Comment by Jane Morrison on JIRA:

[^Flag_badpix_v2.ipynb]

stscijgbot-jp · Answer 12 · Tue May 21 2024 05:23:08 GMT+0800 (China Standard Time)

Comment by Jane Morrison on JIRA:

Here is what I tried for some NIRSPec data - it seemed to work for the data I was working with [^Flag_badpix_nrs.py]

stscijgbot-jp · Answer 13 · Tue May 21 2024 05:33:07 GMT+0800 (China Standard Time)

Comment by Jane Morrison on JIRA:

Davids original code only flagged the science data - but I found if you also flagged the background "warm pixels" then when they are used in the pipeline the warm pixels are flagged and not used and it gave me better results.

I attached the modified version of David's notebook that I used.

stscijgbot-jp · Answer 14 · Tue May 21 2024 21:13:07 GMT+0800 (China Standard Time)

Comment by Rachel Plesha on JIRA:

David Law originally this was presented as a possibility for WFSS as well, but I notice that this ticket only lists IFU as an affected mode and instrument. Should those fields be updated to include WFSS (NIRISS & NIRCam) and MOS (NIRSpec), or did you want to keep that implementation and testing in a different ticket somewhere?

stscijgbot-jp · Answer 15 · Tue May 21 2024 22:28:08 GMT+0800 (China Standard Time)

Comment by David Law on JIRA:

Rachel Plesha The mode indicated on the ticket metadata isn't particularly meaningful in this case. It's true that the routine originated from and has been tested most on IFU data, but obviously we're also optimistic that it could (in some science cases) perform well for many of the other modes too.

Rather than checking every mode option I'm inclined to leave it as-is, but certainly this ticket can be used for feedback from any of the modes.

stscijgbot-jp · Answer 16 · Tue May 21 2024 23:23:08 GMT+0800 (China Standard Time)

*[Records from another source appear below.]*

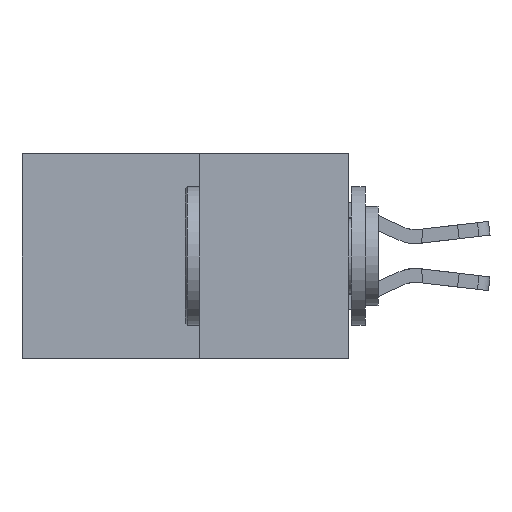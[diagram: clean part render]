
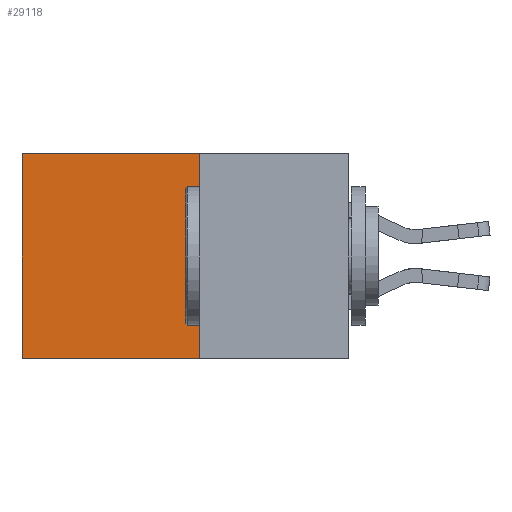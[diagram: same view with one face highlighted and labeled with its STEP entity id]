
A CAD part, left-side view. The second image highlights one B-rep face of the part: STEP entity #29118.
In plain terms, the highlighted planar face has unit normal (-1, 0, 0).
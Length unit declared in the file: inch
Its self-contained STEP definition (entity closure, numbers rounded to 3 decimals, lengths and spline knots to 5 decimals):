
#982 = LINE ( 'NONE', #29516, #12023 ) ;
#2842 = VERTEX_POINT ( 'NONE', #19021 ) ;
#3591 = VECTOR ( 'NONE', #23114, 39.37008 ) ;
#4084 = EDGE_CURVE ( 'NONE', #4714, #2842, #21162, .T. ) ;
#4225 = DIRECTION ( 'NONE',  ( 0., 0., -1. ) ) ;
#4534 = CARTESIAN_POINT ( 'NONE',  ( 0.277, 0.27, -0.37 ) ) ;
#4714 = VERTEX_POINT ( 'NONE', #28070 ) ;
#4741 = DIRECTION ( 'NONE',  ( 0., 0., -1. ) ) ;
#5146 = EDGE_LOOP ( 'NONE', ( #14232, #15812, #17875, #29116 ) ) ;
#5707 = VECTOR ( 'NONE', #26400, 39.37008 ) ;
#5956 = CARTESIAN_POINT ( 'NONE',  ( 0.277, 0.27, -0.37 ) ) ;
#6314 = AXIS2_PLACEMENT_3D ( 'NONE', #16416, #18716, #4741 ) ;
#8762 = VECTOR ( 'NONE', #10034, 39.37008 ) ;
#9469 = FACE_OUTER_BOUND ( 'NONE', #5146, .T. ) ;
#9808 = LINE ( 'NONE', #4534, #3591 ) ;
#10034 = DIRECTION ( 'NONE',  ( 0., 1., 0. ) ) ;
#10179 = CARTESIAN_POINT ( 'NONE',  ( 0.277, 0.27, 0. ) ) ;
#12023 = VECTOR ( 'NONE', #4225, 39.37008 ) ;
#14232 = ORIENTED_EDGE ( 'NONE', *, *, #22568, .T. ) ;
#15812 = ORIENTED_EDGE ( 'NONE', *, *, #16846, .F. ) ;
#16416 = CARTESIAN_POINT ( 'NONE',  ( 0.277, 0.27, -0.37 ) ) ;
#16526 = PLANE ( 'NONE',  #6314 ) ;
#16764 = EDGE_CURVE ( 'NONE', #4714, #20662, #982, .T. ) ;
#16846 = EDGE_CURVE ( 'NONE', #20662, #21889, #9808, .T. ) ;
#17175 = CARTESIAN_POINT ( 'NONE',  ( 0.277, 0.59, -0.37 ) ) ;
#17875 = ORIENTED_EDGE ( 'NONE', *, *, #16764, .F. ) ;
#18716 = DIRECTION ( 'NONE',  ( 1., 0., 0. ) ) ;
#19021 = CARTESIAN_POINT ( 'NONE',  ( 0.277, 0.59, 0. ) ) ;
#20662 = VERTEX_POINT ( 'NONE', #5956 ) ;
#21162 = LINE ( 'NONE', #10179, #8762 ) ;
#21889 = VERTEX_POINT ( 'NONE', #17175 ) ;
#22568 = EDGE_CURVE ( 'NONE', #2842, #21889, #24212, .T. ) ;
#23114 = DIRECTION ( 'NONE',  ( 0., 1., 0. ) ) ;
#24149 = CARTESIAN_POINT ( 'NONE',  ( 0.277, 0.59, -0.37 ) ) ;
#24212 = LINE ( 'NONE', #24149, #5707 ) ;
#26400 = DIRECTION ( 'NONE',  ( 0., 0., -1. ) ) ;
#28070 = CARTESIAN_POINT ( 'NONE',  ( 0.277, 0.27, 0. ) ) ;
#29116 = ORIENTED_EDGE ( 'NONE', *, *, #4084, .T. ) ;
#29118 = ADVANCED_FACE ( 'NONE', ( #9469 ), #16526, .F. ) ;
#29516 = CARTESIAN_POINT ( 'NONE',  ( 0.277, 0.27, -0.37 ) ) ;

Comment by Rachel Plesha on JIRA:

David Law we depend heavily on the metadata to determine the work needed to be done, prioritized, and discussed. If our instrument isn't listed, then we will likely miss the ticket unless it it brought to our attention separately. It is much more useful to have the labels correct and then later decide that we do not need to test for different modes than to miss the ticket because it did not have the label and realize we needed to test it.

So perhaps phrasing this in a different way, do you want this to be looked into for WFSS further based on our initial meeting? If so, we need to add labels for our workflow.

stscijgbot-jp · Answer 17 · Tue May 21 2024 23:48:08 GMT+0800 (China Standard Time)

Comment by David Law on JIRA:

Rachel Plesha If it's helpful for your workflow we can certainly add WFSS.